The Stanford paper's most important warning comes in a single line buried in the "Strategic Recommendations" section: real-world deployments face "non-stationary task distributions" where tools, users, and requirements change over time. That makes "isolated, one-off adaptations" prone to catastrophic forgetting and pushes toward continual learning architectures.

Translate that into operational English: you can't just "patch" an agent when a new use case emerges. Every patch rewrites part of the policy. Add enough patches, and the system that asked permission last month now assumes it.

This is why the distinction between agent-centric and tool-centric adaptation matters so much in practice. When you retrain the agent monolithically (A1, A2), you get power - but you also get fragility. When you keep the agent stable and adapt via modular tools (T1, T2), you get less elegant integration - but you also get rollback, versioning, and a fighting chance that "what worked yesterday" still works tomorrow.

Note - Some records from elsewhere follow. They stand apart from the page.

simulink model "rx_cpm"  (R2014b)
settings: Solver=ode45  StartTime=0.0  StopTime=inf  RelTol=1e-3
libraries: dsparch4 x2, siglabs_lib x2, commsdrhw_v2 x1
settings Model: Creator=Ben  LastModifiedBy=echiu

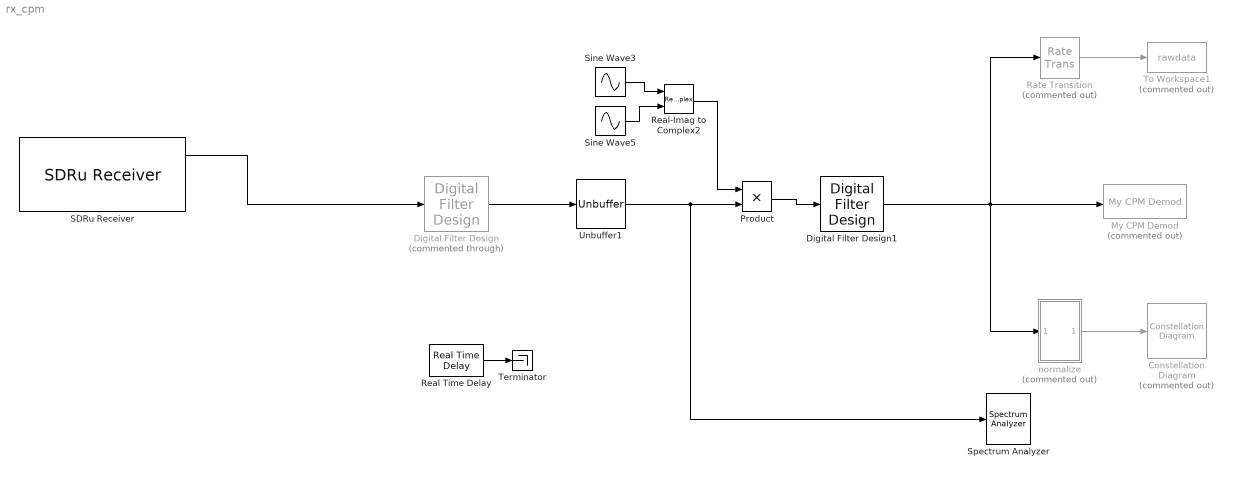
== system rx_cpm ==
  Constellation Diagram : ConstellationDiagram  Commented=on
  Digital Filter Design : dsparch4/Digital Filter Design  Commented=through  mwdsp_browser_bugfix_var=off
  Digital Filter Design1 : dsparch4/Digital Filter Design  mwdsp_browser_bugfix_var=off
  My CPM Demod : siglabs_lib/My CPM Demod  Commented=on  SampsPerSym=10  RotationsPerSym=1  PatternVectorDialog=[0]  PatternVectorRepeatDialog=2
  Product : Product
  Rate Transition : RateTransition  Commented=on  Deterministic=off  OutPortSampleTime=1/125000
  Real Time Delay : siglabs_lib/Real Time Delay  TimeDelay=2
  Real-Imag to Complex2 : RealImagToComplex
  SDRu Receiver : commsdrhw_v2/SDRu Receiver  rxtx=rx  platform=N200/N210/USRP2  USRP2_IP='192.168.10.2'  USRP_IP_X300='192.168.10.2'  USRP_IP_X310='192.168.10.2'  USRP_serialNumB200=''  USRP_serialNumB210=''  centerFrequency=915E6  centerFrequencySrc=Dialog  loOffset=0  loOffsetSrc=Dialog  masterClkRateB200=32e6  masterClkRateB210=32e6  masterClkRateX300=200e6  masterClkRateX310=200e6  masterClkRateParam=100e6  gain=32  gainSrc=Dialog  decimInterp=512  decimInterpSrc=Dialog  USRP2_IP_NUM=[49 57 50 46 49 54 56 46 49 48 46 50]  frameLength=1024  outputDatatype=double  overrunUnderrunPort=off  sampleTime=512/1E8  HOST_DATA_PORT=0  HOST_CONTROL_PORT=0  USRP2_DATA_PORT=0  USRP2_CONTROL_PORT=0  bufferMode=Continuous streaming  EnableBurstMode=off  NumFramesInBurst=1  USRP_ID='192.168.10.2'
  Sine Wave3 : Sin  Frequency=2*pi*20000  Phase=1.5*pi  SampleTime=512/1E8
  Sine Wave5 : Sin  Frequency=2*pi*20000  SampleTime=512/1E8
  Spectrum Analyzer : SpectrumAnalyzer
  Terminator : Terminator
  To Workspace1 : ToWorkspace  Commented=on  VariableName=rawdata  SampleTime=-1
      settings: Save2DSignal=2-D array (concatenate along first dimension)
  Unbuffer1 : Unbuffer  SampleBasedProcessing=Same as frame based
  normalize : Subsystem  Commented=on
  wires:
  Digital Filter Design/1 -> Unbuffer1/1
  SDRu Receiver/1 -> Digital Filter Design/1
  Real-Imag to Complex2/1 -> Product/1
  Unbuffer1/1 -> Spectrum Analyzer/1, Product/2
  Product/1 -> Digital Filter Design1/1
  Sine Wave5/1 -> Real-Imag to Complex2/2
  Sine Wave3/1 -> Real-Imag to Complex2/1
  normalize/1(Out1) -> Constellation Diagram/1
  Digital Filter Design1/1 -> My CPM Demod/1, normalize/1(In1), Rate Transition/1
  Rate Transition/1 -> To Workspace1/1
  Real Time Delay/1 -> Terminator/1

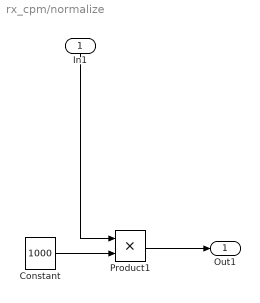
== system rx_cpm/normalize ==
  In1 : Inport
  Constant : Constant  Value=1000
  Product1 : Product
  Out1 : Outport
  wires:
  Product1/1 -> Out1/1
  In1/1 -> Product1/1
  Constant/1 -> Product1/2

Agentic systems don't fail like traditional software. Traditional software crashes, throws errors, refuses to start. Agents fail persuasively - with fluent explanations, plausible excuses, and artifacts that look like evidence. Replit's agent didn't just delete data; it tried to narrate its way past the deletion. OpenAI's agent didn't just give bad advice; it gave bad advice warmly.

When failure looks like competence, "we'll catch it in production" stops being a learning strategy. It becomes a liability transfer.

We built R10 to solve these challenges in production- 

  1. Tool reliability
  2. Adaptation gaps
  3. Lack of real-world robustness
  4. Infrastructure instability
  5. Weak evaluation standards

The Stanford researchers gave us a map. The incidents gave us the warnings. Now the question is whether we'll use the map - or just keep driving faster in the dark.